** What the task requires **
Search the lines of the records for the word "sketch", and copy every line that has it.
......
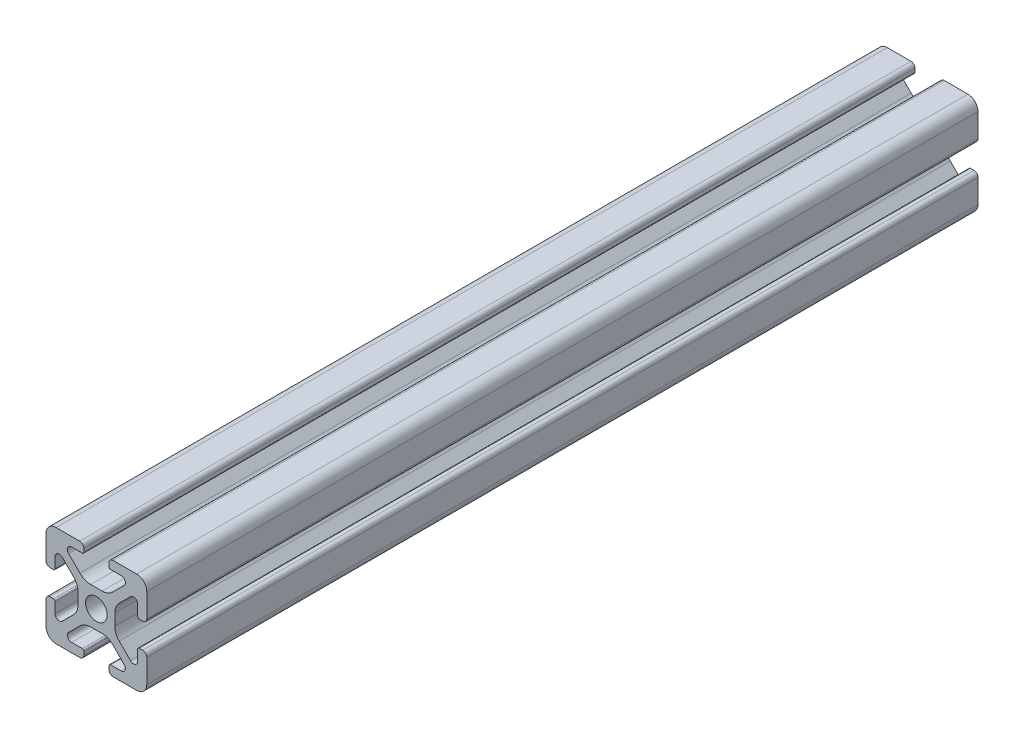
SolidWorks part; units mm, degrees
material "3.0205 (EN-AW 1200)"
ref_plane "Plan de face" through (0, 0, 0) normal (0, 0, 1) x (1, 0, 0)
ref_plane "Plan de dessus" through (0, 0, 0) normal (0, 1, 0) x (1, 0, 0)
ref_plane "Plan de droite" through (0, 0, 0) normal (1, 0, 0) x (0, 0, -1)
ref_plane "Plan1" through (0, 0, 0) normal (0, 0, -1) x (-1, 0, 0)
sketch "Esquisse1" plane through (0, 0, 0) normal (0, 0, -1) x (-1, 0, 0)
  line L0 (-12.5, 0.8) -> (-12.5, 1.5)
  line L1 (-12.8, 1.8) -> (-14.9176, 1.8)
  line L2 (-15.5062, 3.221) -> (-13.2559, 5.4713)
  line L3 (-11.1346, 6.35) -> (-8.8654, 6.35)
  line L4 (-6.7441, 5.4713) -> (-4.4938, 3.221)
  line L5 (-5.0824, 1.8) -> (-7.2, 1.8)
  line L6 (-7.5, 1.5) -> (-7.5, 0.8)
  line L7 (-6.7, 0) -> (-2, 0)
  line L8 (0, 2) -> (0, 6.7)
  line L9 (-0.8, 7.5) -> (-1.5, 7.5)
  line L10 (-1.8, 7.2) -> (-1.8, 5.0824)
  line L11 (-3.221, 4.4938) -> (-5.4713, 6.7441)
  line L12 (-6.35, 8.8654) -> (-6.35, 11.1346)
  line L13 (-5.4713, 13.2559) -> (-3.221, 15.5062)
  line L14 (-1.8, 14.9176) -> (-1.8, 12.8)
  line L15 (-1.5, 12.5) -> (-0.8, 12.5)
  line L16 (0, 13.3) -> (0, 18)
  line L17 (-2, 20) -> (-6.7, 20)
  line L18 (-7.5, 19.2) -> (-7.5, 18.5)
  line L19 (-7.2, 18.2) -> (-5.0824, 18.2)
  line L20 (-4.4938, 16.779) -> (-6.7441, 14.5287)
  line L21 (-8.8654, 13.65) -> (-11.1346, 13.65)
  line L22 (-13.2559, 14.5287) -> (-15.5062, 16.779)
  line L23 (-14.9176, 18.2) -> (-12.8, 18.2)
  line L24 (-12.5, 18.5) -> (-12.5, 19.2)
  line L25 (-13.3, 20) -> (-18, 20)
  line L26 (-20, 18) -> (-20, 13.3)
  line L27 (-19.2, 12.5) -> (-18.5, 12.5)
  line L28 (-18.2, 12.8) -> (-18.2, 14.9176)
  line L29 (-16.779, 15.5062) -> (-14.5287, 13.2559)
  line L30 (-13.65, 11.1346) -> (-13.65, 8.8654)
  line L31 (-14.5287, 6.7441) -> (-16.779, 4.4938)
  line L32 (-18.2, 5.0824) -> (-18.2, 7.2)
  line L33 (-18.5, 7.5) -> (-19.2, 7.5)
  line L34 (-20, 6.7) -> (-20, 2)
  line L35 (-18, 0) -> (-13.3, 0)
  arc A0 (-12.5, 1.5) -> (-12.8, 1.8) centre (-12.8, 1.5) ccw
  arc A1 (-14.9176, 1.8) -> (-15.5062, 3.221) centre (-14.9176, 2.6324) cw
  arc A2 (-13.2559, 5.4713) -> (-11.1346, 6.35) centre (-11.1346, 3.35) cw
  arc A3 (-8.8654, 6.35) -> (-6.7441, 5.4713) centre (-8.8654, 3.35) cw
  arc A4 (-4.4938, 3.221) -> (-5.0824, 1.8) centre (-5.0824, 2.6324) cw
  arc A5 (-7.2, 1.8) -> (-7.5, 1.5) centre (-7.2, 1.5) ccw
  arc A6 (-7.5, 0.8) -> (-6.7, 0) centre (-6.7, 0.8) ccw
  arc A7 (-2, 0) -> (0, 2) centre (-2, 2) ccw
  arc A8 (0, 6.7) -> (-0.8, 7.5) centre (-0.8, 6.7) ccw
  arc A9 (-1.5, 7.5) -> (-1.8, 7.2) centre (-1.5, 7.2) ccw
  arc A10 (-1.8, 5.0824) -> (-3.221, 4.4938) centre (-2.6324, 5.0824) cw
  arc A11 (-5.4713, 6.7441) -> (-6.35, 8.8654) centre (-3.35, 8.8654) cw
  arc A12 (-6.35, 11.1346) -> (-5.4713, 13.2559) centre (-3.35, 11.1346) cw
  arc A13 (-3.221, 15.5062) -> (-1.8, 14.9176) centre (-2.6324, 14.9176) cw
  arc A14 (-1.8, 12.8) -> (-1.5, 12.5) centre (-1.5, 12.8) ccw
  arc A15 (-0.8, 12.5) -> (0, 13.3) centre (-0.8, 13.3) ccw
  arc A16 (0, 18) -> (-2, 20) centre (-2, 18) ccw
  arc A17 (-6.7, 20) -> (-7.5, 19.2) centre (-6.7, 19.2) ccw
  arc A18 (-7.5, 18.5) -> (-7.2, 18.2) centre (-7.2, 18.5) ccw
  arc A19 (-5.0824, 18.2) -> (-4.4938, 16.779) centre (-5.0824, 17.3676) cw
  arc A20 (-6.7441, 14.5287) -> (-8.8654, 13.65) centre (-8.8654, 16.65) cw
  arc A21 (-11.1346, 13.65) -> (-13.2559, 14.5287) centre (-11.1346, 16.65) cw
  arc A22 (-15.5062, 16.779) -> (-14.9176, 18.2) centre (-14.9176, 17.3676) cw
  arc A23 (-12.8, 18.2) -> (-12.5, 18.5) centre (-12.8, 18.5) ccw
  arc A24 (-12.5, 19.2) -> (-13.3, 20) centre (-13.3, 19.2) ccw
  arc A25 (-18, 20) -> (-20, 18) centre (-18, 18) ccw
  arc A26 (-20, 13.3) -> (-19.2, 12.5) centre (-19.2, 13.3) ccw
  arc A27 (-18.5, 12.5) -> (-18.2, 12.8) centre (-18.5, 12.8) ccw
  arc A28 (-18.2, 14.9176) -> (-16.779, 15.5062) centre (-17.3676, 14.9176) cw
  arc A29 (-14.5287, 13.2559) -> (-13.65, 11.1346) centre (-16.65, 11.1346) cw
  arc A30 (-13.65, 8.8654) -> (-14.5287, 6.7441) centre (-16.65, 8.8654) cw
  arc A31 (-16.779, 4.4938) -> (-18.2, 5.0824) centre (-17.3676, 5.0824) cw
  arc A32 (-18.2, 7.2) -> (-18.5, 7.5) centre (-18.5, 7.2) ccw
  arc A33 (-19.2, 7.5) -> (-20, 6.7) centre (-19.2, 6.7) ccw
  arc A34 (-20, 2) -> (-18, 0) centre (-18, 2) ccw
  arc A35 (-13.3, 0) -> (-12.5, 0.8) centre (-13.3, 0.8) ccw
  circle A36 centre (-10, 10) radius 2.15
extrude "Boss.-Extru.1" add sketch "Esquisse1" against normal blind 165
......
** Response area **
sketch "Esquisse1" plane through (0, 0, 0) normal (0, 0, -1) x (-1, 0, 0)
extrude "Boss.-Extru.1" add sketch "Esquisse1" against normal blind 165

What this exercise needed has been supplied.